2.2.1 轮船、酒楼:对城市现代文明的批判期刊发表
城市是欲望与梦想集合而成的庞大体,它包含了多重社会权力形式,是集中呈现政治、经济和文化矛盾与对抗的空间。半殖民地时代的中国城市,处于这样一个不断扩张的繁华中心,则呈现出深刻传统与现代、中国与西方之间的并置和拼贴下的矛盾性。

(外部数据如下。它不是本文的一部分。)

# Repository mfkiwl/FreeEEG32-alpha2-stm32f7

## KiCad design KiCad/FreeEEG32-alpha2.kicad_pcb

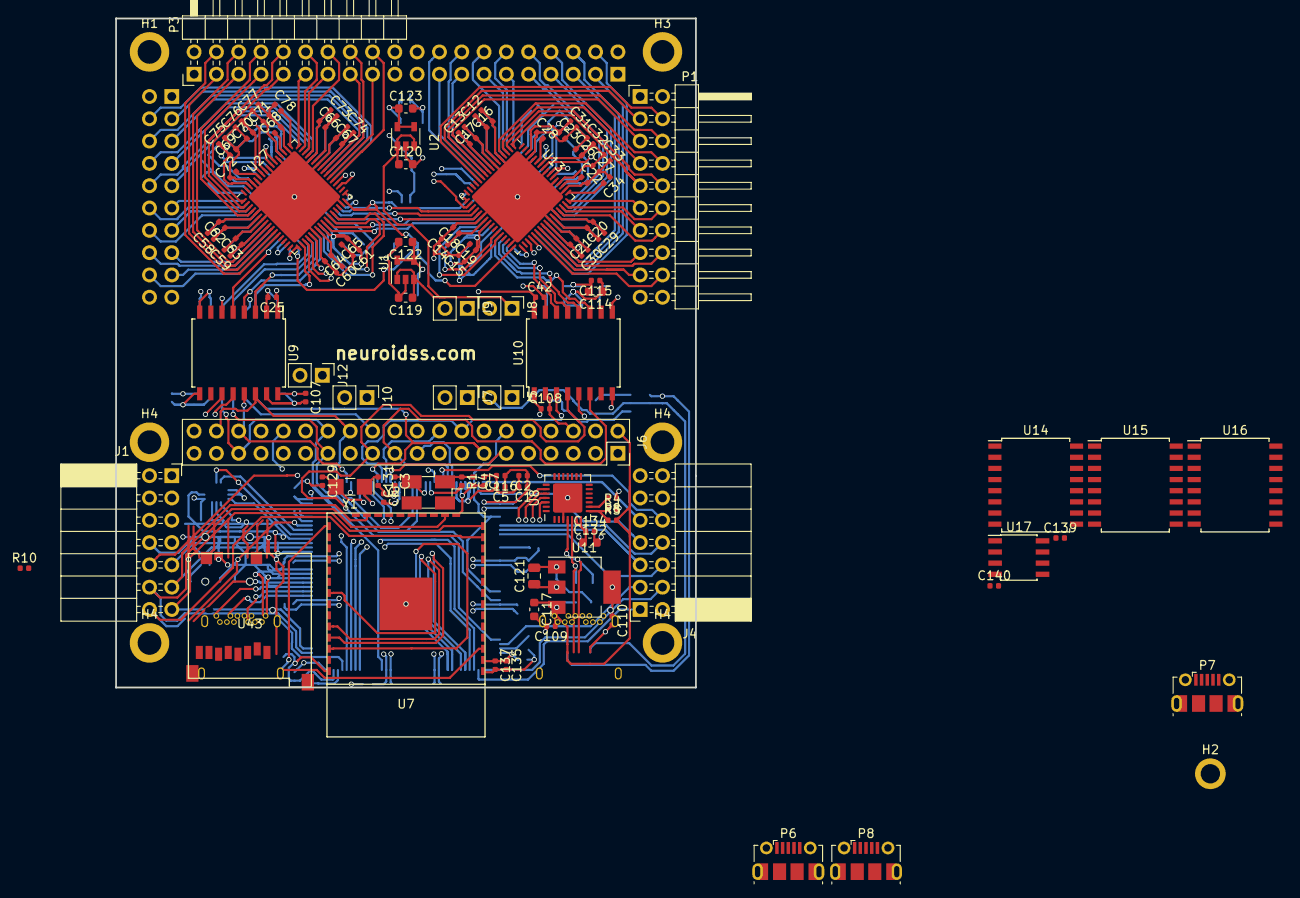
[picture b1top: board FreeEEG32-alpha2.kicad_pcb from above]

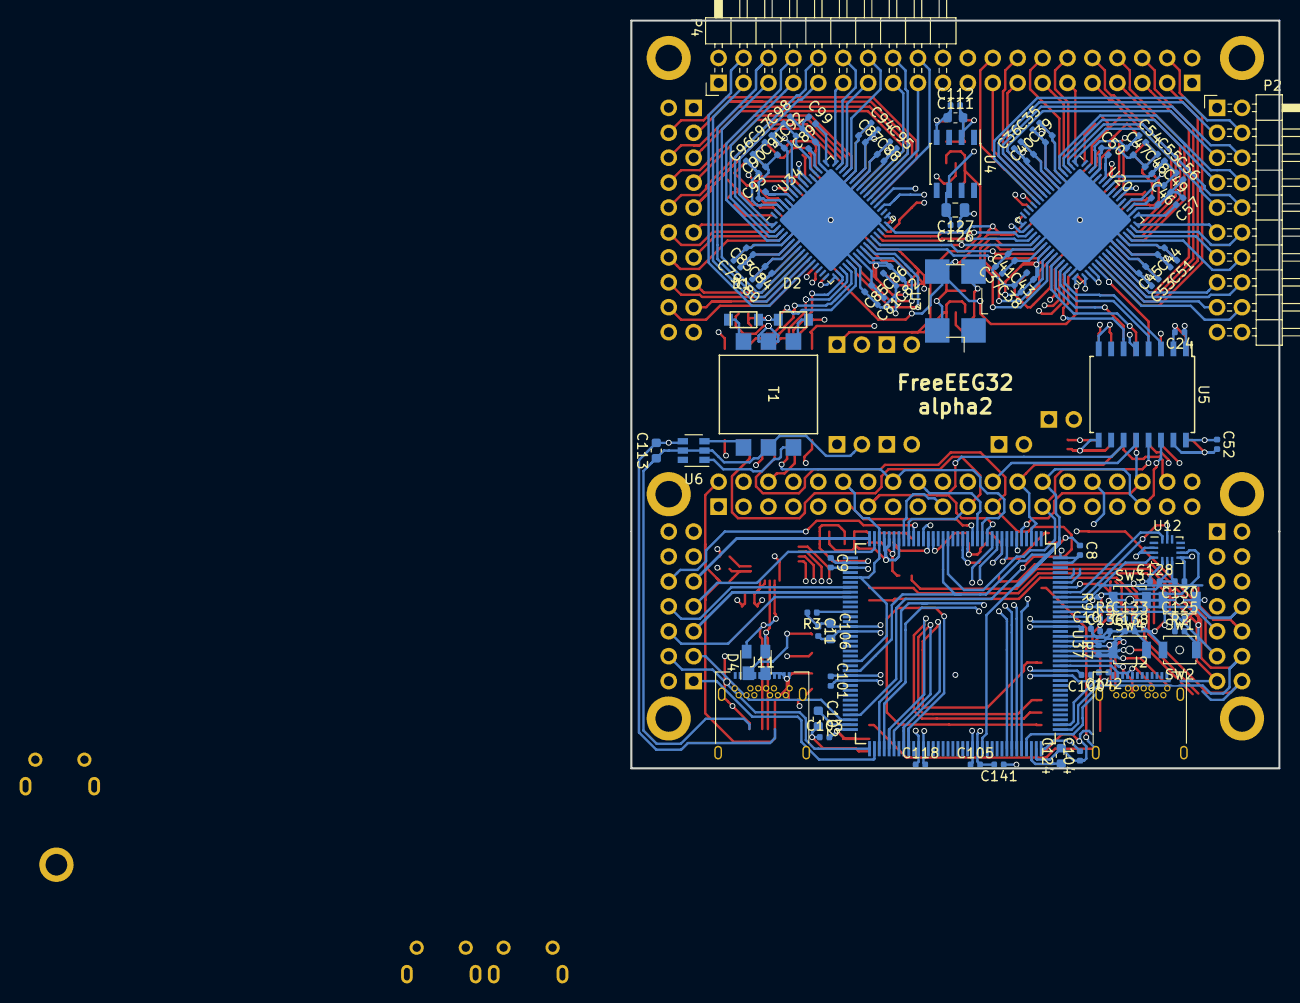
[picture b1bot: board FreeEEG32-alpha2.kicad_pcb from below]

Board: 4 copper layers, 66.0 x 76.2 mm, 209 parts (95 on the bottom side), 195 nets.

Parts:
C1, C5, C6, C7, C8, C9, C10, C11, C16, C17, C18, C19, C20, C21, C22, C23, C24, C25, C26, C27, C28, C34, C39, C40, C41, C42, C43, C44, C45, C46, C47, C48, C49, C50, C52, C57, C62, C63, C64, C65, C66, C67, C68, C69, C70, C71, C72, C78, C83, C84, C85, C86, C87, C88, C89, C90, C91, C92, C93, C99, C100, C101, C103, C104, C105, C107, C108, C109, C110, C112, C115, C118, C125, C126, C128, C130, C134, C137, C139, C140: 100n; C_0402_1005Metric
C2, C12, C13, C14, C15, C29, C30, C31, C32, C33, C35, C36, C37, C38, C51, C53, C54, C55, C56, C58, C59, C60, C61, C73, C74, C75, C76, C77, C79, C80, C81, C82, C94, C95, C96, C97, C98, C116, C135, C141, C142: 1u; C_0402_1005Metric
C3, C129: CL1; C_0402_1005Metric
C4, C131: CL2; C_0402_1005Metric
C102, C119, C120, C122, C123, C124: 2.2u; C_0603_1608Metric
C106, C132: 4.7u; C_0603_1608Metric
C111, C113, C114, C117: 10u; C_0603_1608Metric
C121, C127: 22u; C_0805_2012Metric
C133, C136, C138: 1n; C_0402_1005Metric
D1, D2: D_Schottky_SMD; SOD−123
D4: SP0503BAHTG; SOT-143
H1, H3, H4, H4#2, H4#3, H4#4: MountingHole; MountingHole_2.7mm_M2.5_ISO14580_Pad
H2: MountingHole; MountingHole_2.2mm_M2_ISO7380_Pad
J1, J4: Conn_02x07_Odd_Even; PinSocket_2x07_P2.54mm_Horizontal
J2, J11: USB_C_Receptacle-Connector_VBUS2; USB_C_Receptacle_Amphenol_12401548E4-2A
J5, J7, J8, J9, J10, J12: Conn_01x02; PinHeader_1x02_P2.54mm_Vertical
J6: Conn_02x20_Odd_Even; PinSocket_2x20_P2.54mm_Vertical
P1, P2, P3, P4: CONN_02X10; PinHeader_2x10_P2.54mm_Horizontal
P6, P7, P8: USB_OTG; USB_Micro-B_Molex-105017-0001
R1: R_EXT; R_0402_1005Metric
R2, R3: 4.7k; R_0402_1005Metric
R4: 47.5k; R_0402_1005Metric
R5: 22.1k; R_0402_1005Metric
R6, R7: 470; R_0402_1005Metric
R8: 1k; R_0402_1005Metric
R9: 12k; R_0402_1005Metric
R10: 0; R_0402_1005Metric
SW1: NRST; SW_SPST_B3U-1000P-B
SW2: BOOT0; SW_SPST_B3U-1000P-B
SW3: RST; SW_SPST_B3U-1000P-B
SW4: BOOT; SW_SPST_B3U-1000P-B
T1: da2303; 750315371
U1, U2: ADP7118AUJZ-3.3; SOT-23-5
U3: 8.192MHz; Oscillator_SMD_EuroQuartz_XO91-4Pin_7.0x5.0mm_HandSoldering
U4: ADR4525; SOIC-8_3.9x4.9mm_P1.27mm
U5, U9: ADUM1402BRWZ; SOIC-16W_7.5x10.3mm_P1.27mm
U6: SN6505B; SOT-23-6
U7: ESP32-WROOM-32; ESP32_BOARD
U8: CP2102N-28; QFN-28-1EP_5x5mm_P0.5mm_EP3.35x3.35mm
U10, U14, U15, U16: ISO7341c_spi; SOIC-16W_7.5x10.3mm_P1.27mm
U11: AMS1117-3.3; SOT-223-3_TabPin2
U12: LSM6DS3; Bosch_LGA-14_3x2.5mm_P0.5mm
U13, U20, U27, U34: AD7770; QFN-64-1EP_9x9mm_P0.5mm_EP7.5x7.5mm
U17: CAT24M01W; SOIC-8_3.9x4.9mm_P1.27mm
U37: STM32F427ZI_4side_short; LQFP-144_20x20mm_P0.5mm
U43: 473521001
Y1: 32768Hz; Crystal_SMD_EuroQuartz_EQ161-2Pin_3.2x1.5mm_HandSoldering
Y2: 8MHz; Crystal_SMD_EuroQuartz_MJ-4Pin_5.0x3.2mm_HandSoldering

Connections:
3V3_RPi: C1.2, C2.2, C5.2, C6.2, C7.1, C8.2, C9.2, C10.2, C11.2, C52.1, C100.2, C101.2, C103.2, C104.2, C105.2, C106.2, C107.1, C108.1, C110.1, C116.2, C118.2, C121.1, C128.1, C130.1, C132.1, C134.1, C135.1, C137.1, C141.2, C142.2, J1.1, J1.2, J4.13, J4.14, J6.1, J6.17, R8.1, R9.2, SW2.2, U5.16, U7.2, U8.6, U8.7, U9.16, U10.1, U11.2, U12.5, U12.8, U37.6, U37.17, U37.30, U37.32, U37.33, U37.39, U37.52, U37.62, U37.72, U37.84, U37.95, U37.108, U37.121, U37.131, U37.143, U37.144, U43.4
5V_RPi: C109.1, C117.1, J2.A4, J2.B4, J6.2, J6.4, J11.A4, J11.B4, R5.2, U11.3
/ADC1/AIN0+: P2.10, U20.2
/ADC1/AIN0-: P2.9, U20.1
/ADC1/AIN1+: P2.8, U20.4
/ADC1/AIN1-: P2.7, U20.3
/ADC1/AIN2+: P2.6, U20.10
/ADC1/AIN2-: P2.5, U20.9
/ADC1/AIN3+: P2.4, U20.12
/ADC1/AIN3-: P2.3, U20.11
/ADC1/AIN4+: P2.12, U20.47
/ADC1/AIN4-: P2.11, U20.48
/ADC1/AIN5+: P2.14, U20.45
/ADC1/AIN5-: P2.13, U20.46
/ADC1/AIN6+: P2.16, U20.39
/ADC1/AIN6-: P2.15, U20.40
/ADC1/AIN7+: P2.18, U20.37
/ADC1/AIN7-: P2.17, U20.38
/ADC1/REF_OUT: C57.2, U20.49
/ADC1/VCM: P2.2, U20.57
/ADC2/AIN0+: P3.10, U27.2
/ADC2/AIN0-: P3.9, U27.1
/ADC2/AIN1+: P3.8, U27.4
/ADC2/AIN1-: P3.7, U27.3
/ADC2/AIN2+: P3.6, U27.10
/ADC2/AIN2-: P3.5, U27.9
/ADC2/AIN3+: P3.4, U27.12
/ADC2/AIN3-: P3.3, U27.11
/ADC2/AIN4+: P3.12, U27.47
/ADC2/AIN4-: P3.11, U27.48
/ADC2/AIN5+: P3.14, U27.45
/ADC2/AIN5-: P3.13, U27.46
/ADC2/AIN6+: P3.16, U27.39
/ADC2/AIN6-: P3.15, U27.40
/ADC2/AIN7+: P3.18, U27.37
/ADC2/AIN7-: P3.17, U27.38
/ADC2/REF_OUT: C78.2, U27.49
/ADC2/VCM: P3.2, U27.57
/ADC3/AIN0+: P4.10, U34.2
/ADC3/AIN0-: P4.9, U34.1
/ADC3/AIN1+: P4.8, U34.4
/ADC3/AIN1-: P4.7, U34.3
/ADC3/AIN2+: P4.6, U34.10
/ADC3/AIN2-: P4.5, U34.9
/ADC3/AIN3+: P4.4, U34.12
/ADC3/AIN3-: P4.3, U34.11
/ADC3/AIN4+: P4.12, U34.47
/ADC3/AIN4-: P4.11, U34.48
/ADC3/AIN5+: P4.14, U34.45
/ADC3/AIN5-: P4.13, U34.46
/ADC3/AIN6+: P4.16, U34.39
/ADC3/AIN6-: P4.15, U34.40
/ADC3/AIN7+: P4.18, U34.37
/ADC3/AIN7-: P4.17, U34.38
/ADC3/REF_OUT: C99.2, U34.49
/ADC3/VCM: P4.2, U34.57
/ADC4/AIN0+: P1.10, U13.2
/ADC4/AIN0-: P1.9, U13.1
/ADC4/AIN1+: P1.8, U13.4
/ADC4/AIN1-: P1.7, U13.3
/ADC4/AIN2+: P1.6, U13.10
/ADC4/AIN2-: P1.5, U13.9
/ADC4/AIN3+: P1.4, U13.12
/ADC4/AIN3-: P1.3, U13.11
/ADC4/AIN4+: P1.12, U13.47
/ADC4/AIN4-: P1.11, U13.48
/ADC4/AIN5+: P1.14, U13.45
/ADC4/AIN5-: P1.13, U13.46
/ADC4/AIN6+: P1.16, U13.39
/ADC4/AIN6-: P1.15, U13.40
/ADC4/AIN7+: P1.18, U13.37
/ADC4/AIN7-: P1.17, U13.38
/ADC4/REF_OUT: C34.2, U13.49
/ADC4/VCM: P1.2, U13.57
AD1_CS: U5.5, U20.18
AD1_CS_ISO: J6.24, U5.12, U37.140
AD1_DCLK: U5.4, U20.29
AD1_DCLK_ISO: J6.12, J6.27, U5.13, U37.1, U37.20, U37.34, U37.41, U37.58
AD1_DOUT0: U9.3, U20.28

1933 年,巴金乘坐轮船来到香港,此时的香港在英政府遮护伞下,完全没有战火的气息,它和平、安静并且现代化,对于从战火纷飞的上海风尘仆仆而来的巴金,两种截然不同的城市氛围,巴金的心情无疑是凝重的,一方面他既陶醉于这个城市的安宁之中,另一方面又对这种安宁无比怀疑、抗拒,正是在这种矛盾的情绪夹击下他写下了《香港之夜》。从一开始,就可以读到文本中作者与城市的氛围显然是违和的,热闹的街市、花园、学校、树木、海水等,由这一系列的短暂相逢的各种画面所组织的城市空间对巴金而言无疑是一种猎奇的体验,它们作为城市的一角,带给作者新奇感的同时更重要的是陌生,加之语言上的不通,这种陌生以致于他与这个城市的互动中,完全是一种被动的姿态:被小孩擦皮鞋、跟着朋友乘坐电车。当巴金来到香港的夜时,相对于白天的碎片化的体验,“灯”似乎构成了城市的全部:山上、街上、建筑物上、电车汽车上都布满了灯,作者的视觉乃至听觉完全是由灯来指引,也就是说,灯是作者展示香港之夜最关键的存在,也是香港此时状态的外在表现,与战火中的其他空间形成强烈的对比。因此,被包围在这个彻夜不息的灯光秀中,他看到香港的灯火辉煌的同时,更重要的是体验到一种“失真感”、“梦幻感”,文本的最后作者也直言,当再次返回空间,突然涌入的空气使一个虚空顷刻消失之时,他才找回真实的自己和世界。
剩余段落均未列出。